Exercise
Your answer should be an exact copy of the lines from the start of the entries to the line containing "- Status LEDs", both included.

Stored items from a collection
——
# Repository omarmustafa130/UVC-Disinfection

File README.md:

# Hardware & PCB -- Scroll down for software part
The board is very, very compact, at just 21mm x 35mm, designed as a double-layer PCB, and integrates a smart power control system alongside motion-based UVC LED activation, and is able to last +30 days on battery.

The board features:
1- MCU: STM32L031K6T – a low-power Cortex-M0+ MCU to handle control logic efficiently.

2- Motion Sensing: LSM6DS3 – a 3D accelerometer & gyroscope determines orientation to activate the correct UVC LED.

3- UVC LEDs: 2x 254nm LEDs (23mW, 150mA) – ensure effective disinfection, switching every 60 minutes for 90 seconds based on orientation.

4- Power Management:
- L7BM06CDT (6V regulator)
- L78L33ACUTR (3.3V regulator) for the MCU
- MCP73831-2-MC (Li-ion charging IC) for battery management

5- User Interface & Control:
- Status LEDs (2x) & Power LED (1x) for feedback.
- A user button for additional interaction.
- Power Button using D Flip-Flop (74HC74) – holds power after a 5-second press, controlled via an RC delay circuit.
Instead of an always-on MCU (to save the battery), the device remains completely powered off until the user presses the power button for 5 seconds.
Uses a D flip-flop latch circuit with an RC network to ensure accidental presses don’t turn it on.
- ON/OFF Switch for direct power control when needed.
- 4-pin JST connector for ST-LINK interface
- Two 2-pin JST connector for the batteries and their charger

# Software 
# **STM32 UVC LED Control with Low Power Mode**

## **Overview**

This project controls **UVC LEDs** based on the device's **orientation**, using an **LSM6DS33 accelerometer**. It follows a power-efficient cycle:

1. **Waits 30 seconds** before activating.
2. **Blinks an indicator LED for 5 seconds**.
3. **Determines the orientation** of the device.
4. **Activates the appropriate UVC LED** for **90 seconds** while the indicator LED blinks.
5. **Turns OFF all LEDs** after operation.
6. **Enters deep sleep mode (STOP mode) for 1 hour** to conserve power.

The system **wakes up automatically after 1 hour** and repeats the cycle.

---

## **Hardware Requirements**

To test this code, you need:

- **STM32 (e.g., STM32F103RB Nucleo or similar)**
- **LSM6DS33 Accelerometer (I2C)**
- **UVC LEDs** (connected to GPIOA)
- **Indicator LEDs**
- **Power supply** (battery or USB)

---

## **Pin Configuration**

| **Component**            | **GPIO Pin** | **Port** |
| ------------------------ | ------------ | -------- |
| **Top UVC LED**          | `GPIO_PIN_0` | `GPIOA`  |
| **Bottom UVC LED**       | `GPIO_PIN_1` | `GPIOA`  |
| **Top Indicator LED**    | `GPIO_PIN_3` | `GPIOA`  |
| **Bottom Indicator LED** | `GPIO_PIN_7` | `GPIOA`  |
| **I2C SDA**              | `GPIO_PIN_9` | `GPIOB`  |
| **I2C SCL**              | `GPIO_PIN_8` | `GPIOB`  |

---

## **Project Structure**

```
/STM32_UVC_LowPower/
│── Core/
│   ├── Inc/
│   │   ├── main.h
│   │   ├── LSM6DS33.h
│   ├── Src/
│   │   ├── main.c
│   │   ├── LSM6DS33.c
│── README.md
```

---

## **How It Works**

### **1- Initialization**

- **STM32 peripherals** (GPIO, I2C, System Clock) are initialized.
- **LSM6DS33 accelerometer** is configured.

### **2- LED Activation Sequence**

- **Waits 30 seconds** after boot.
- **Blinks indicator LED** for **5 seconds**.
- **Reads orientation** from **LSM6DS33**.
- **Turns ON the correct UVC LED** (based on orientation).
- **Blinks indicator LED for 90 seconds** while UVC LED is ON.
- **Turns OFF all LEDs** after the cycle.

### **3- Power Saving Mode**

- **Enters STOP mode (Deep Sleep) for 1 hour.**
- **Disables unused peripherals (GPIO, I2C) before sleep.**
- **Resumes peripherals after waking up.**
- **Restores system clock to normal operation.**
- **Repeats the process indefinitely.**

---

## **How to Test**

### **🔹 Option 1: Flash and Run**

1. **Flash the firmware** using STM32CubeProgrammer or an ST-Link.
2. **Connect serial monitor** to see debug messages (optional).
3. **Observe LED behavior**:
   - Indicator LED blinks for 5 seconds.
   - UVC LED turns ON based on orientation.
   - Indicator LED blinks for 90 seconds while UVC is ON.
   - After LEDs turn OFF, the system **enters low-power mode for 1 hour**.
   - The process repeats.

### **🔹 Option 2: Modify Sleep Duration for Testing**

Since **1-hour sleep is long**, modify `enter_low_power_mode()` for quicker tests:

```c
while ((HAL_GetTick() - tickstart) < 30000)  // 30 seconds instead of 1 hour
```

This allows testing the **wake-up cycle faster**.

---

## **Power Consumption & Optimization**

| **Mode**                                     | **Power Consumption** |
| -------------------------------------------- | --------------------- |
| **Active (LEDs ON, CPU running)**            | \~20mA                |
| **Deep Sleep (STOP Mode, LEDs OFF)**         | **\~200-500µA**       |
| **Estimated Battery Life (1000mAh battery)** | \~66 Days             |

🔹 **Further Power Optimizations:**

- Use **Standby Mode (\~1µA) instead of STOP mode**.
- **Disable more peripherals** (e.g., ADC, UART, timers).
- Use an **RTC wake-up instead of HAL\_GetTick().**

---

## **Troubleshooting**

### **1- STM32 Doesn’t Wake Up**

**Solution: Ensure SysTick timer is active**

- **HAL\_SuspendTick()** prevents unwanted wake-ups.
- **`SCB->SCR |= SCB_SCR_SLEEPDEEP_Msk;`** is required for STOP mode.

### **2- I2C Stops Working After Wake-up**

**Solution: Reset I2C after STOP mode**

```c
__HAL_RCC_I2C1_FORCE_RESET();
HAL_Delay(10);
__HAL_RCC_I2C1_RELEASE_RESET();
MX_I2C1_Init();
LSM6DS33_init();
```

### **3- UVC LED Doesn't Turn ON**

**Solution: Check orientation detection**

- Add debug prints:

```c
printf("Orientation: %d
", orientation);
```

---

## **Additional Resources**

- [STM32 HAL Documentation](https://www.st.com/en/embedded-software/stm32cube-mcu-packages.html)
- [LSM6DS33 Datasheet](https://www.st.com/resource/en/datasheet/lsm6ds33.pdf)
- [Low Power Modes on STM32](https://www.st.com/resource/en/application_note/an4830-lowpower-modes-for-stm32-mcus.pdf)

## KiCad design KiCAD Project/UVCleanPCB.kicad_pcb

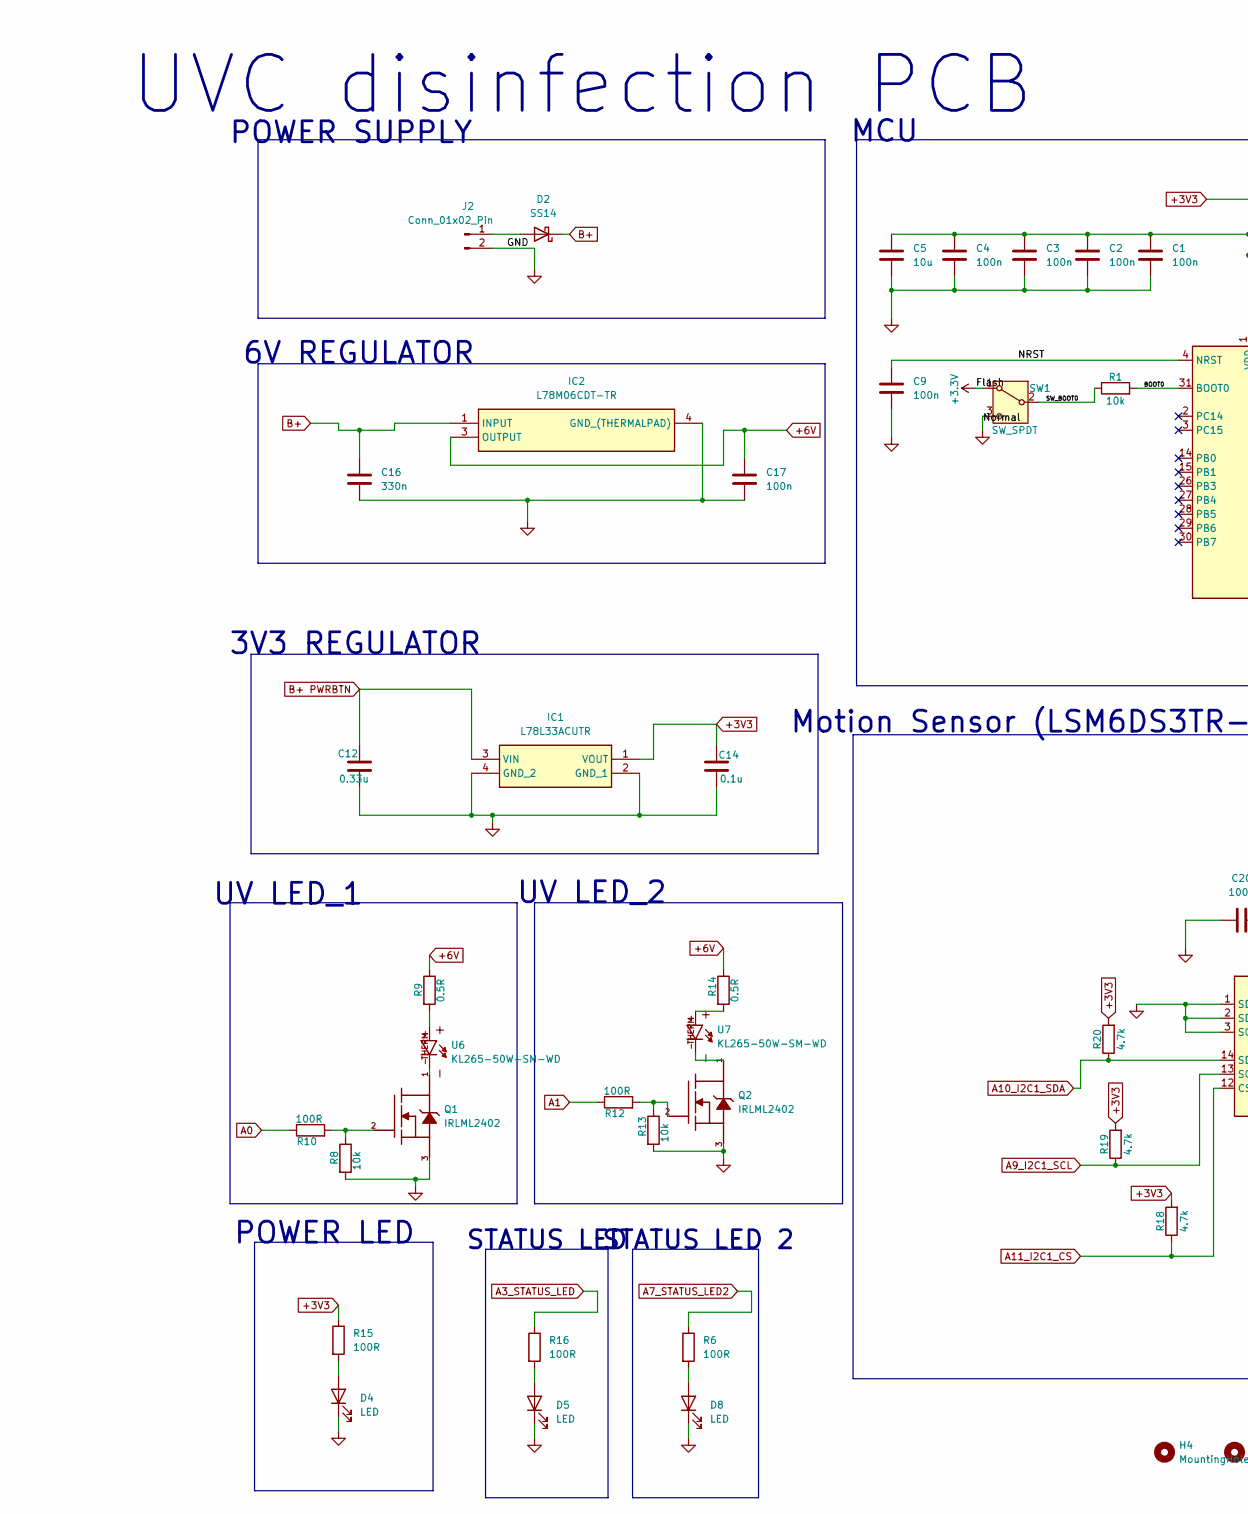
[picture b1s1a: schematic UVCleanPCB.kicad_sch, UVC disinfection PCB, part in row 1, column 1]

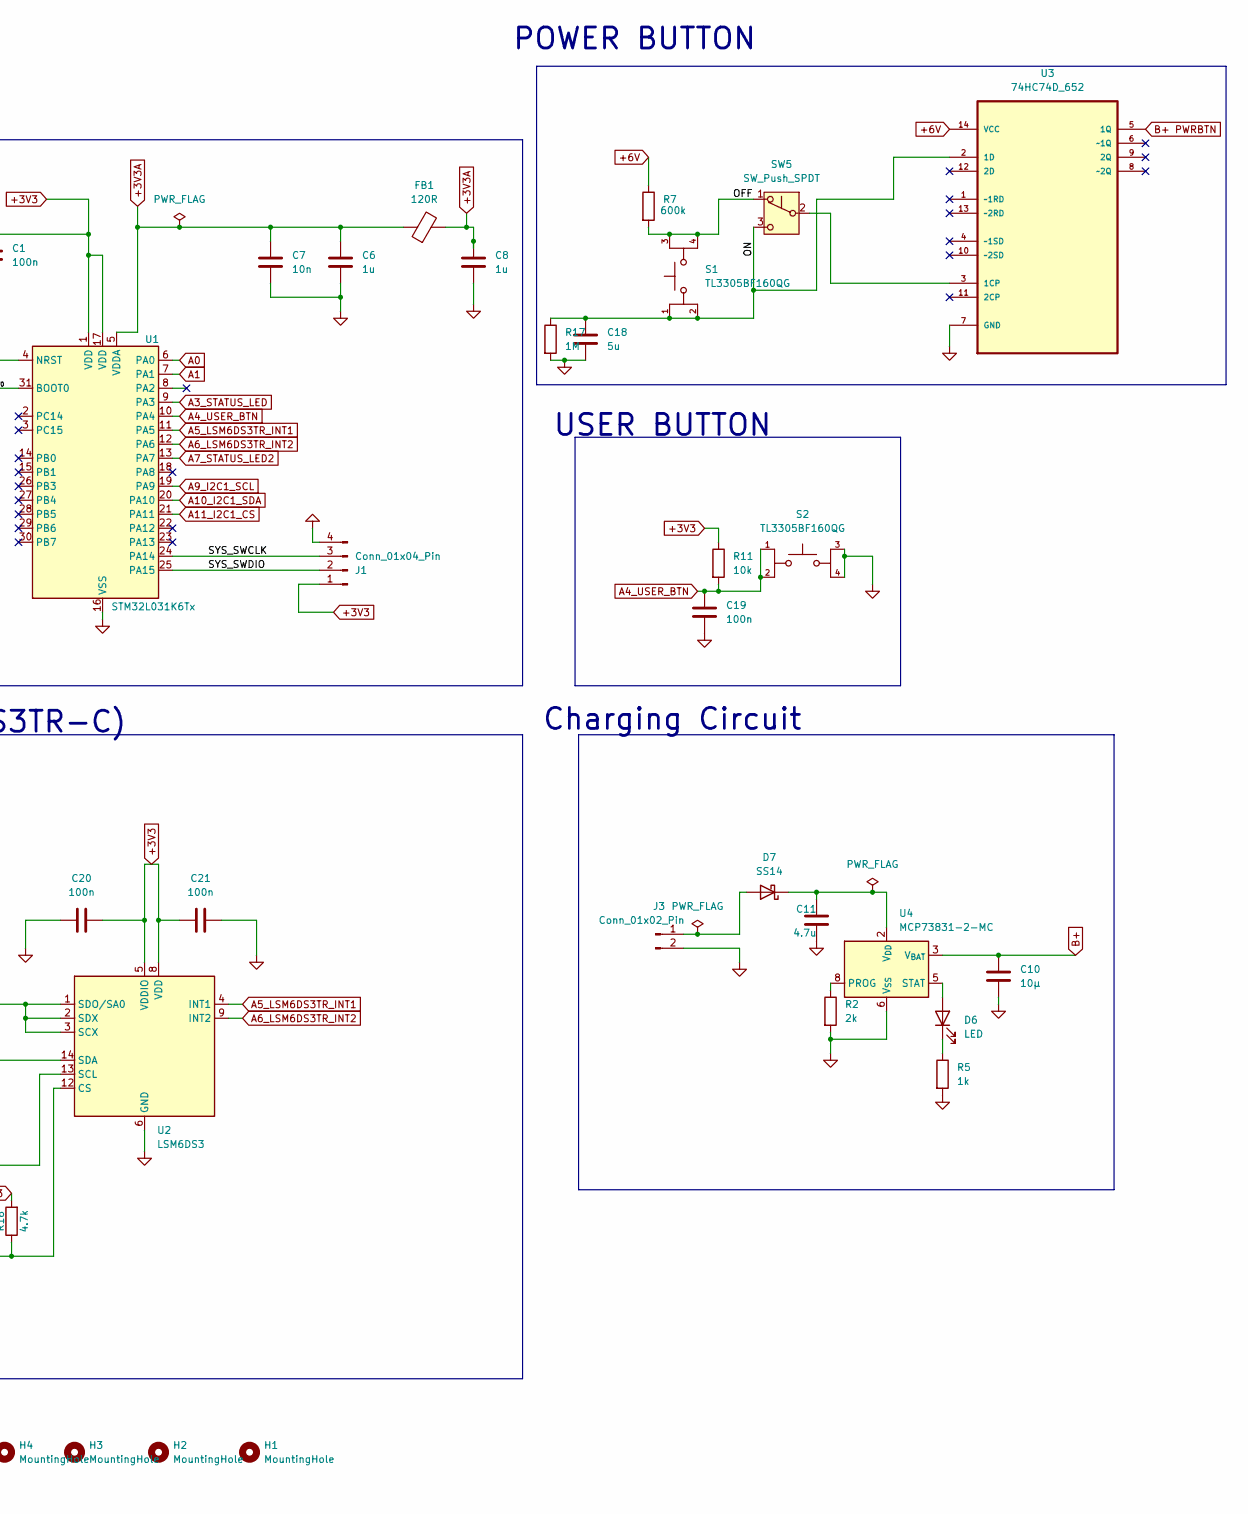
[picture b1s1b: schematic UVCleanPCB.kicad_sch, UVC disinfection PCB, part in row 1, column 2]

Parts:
C1, C2, C3, C4, C9, C19, C20, C21: 100n; C_0402_1005Metric
C5: 10u; C_0603_1608Metric
C6, C8: 1u; C_0402_1005Metric
C7: 10n; C_0402_1005Metric
C10: 10µ; C_0402_1005Metric
C11: 4.7u; C_0402_1005Metric
C12: 0.33u; C_1206_3216Metric
C14: 0.1u; C_1206_3216Metric
C16: 330n; C_0603_1608Metric
C17: 100n; C_0603_1608Metric
C18: 5u; C_0805_2012Metric
D2, D7: SS14; D_SMA
D4, D5, D8: LED; LED_0603_1608Metric
D6: LED; LED_0402_1005Metric
FB1: 120R; L_0603_1608Metric
H1, H2, H3, H4: MountingHole; MountingHole_2.1mm
IC1: L78L33ACUTR; LDK320ADU30R; Mouser Part Number 511-L78L33ACU
IC2: L78M06CDT-TR; TO228P972X240-3N; Mouser Part Number 511-L78M06CDT-TR
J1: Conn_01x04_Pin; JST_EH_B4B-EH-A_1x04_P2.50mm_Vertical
——
Written solution
# Repository omarmustafa130/UVC-Disinfection

File README.md:

# Hardware & PCB -- Scroll down for software part
The board is very, very compact, at just 21mm x 35mm, designed as a double-layer PCB, and integrates a smart power control system alongside motion-based UVC LED activation, and is able to last +30 days on battery.

The board features:
1- MCU: STM32L031K6T – a low-power Cortex-M0+ MCU to handle control logic efficiently.

2- Motion Sensing: LSM6DS3 – a 3D accelerometer & gyroscope determines orientation to activate the correct UVC LED.

3- UVC LEDs: 2x 254nm LEDs (23mW, 150mA) – ensure effective disinfection, switching every 60 minutes for 90 seconds based on orientation.

4- Power Management:
- L7BM06CDT (6V regulator)
- L78L33ACUTR (3.3V regulator) for the MCU
- MCP73831-2-MC (Li-ion charging IC) for battery management

5- User Interface & Control:
- Status LEDs (2x) & Power LED (1x) for feedback.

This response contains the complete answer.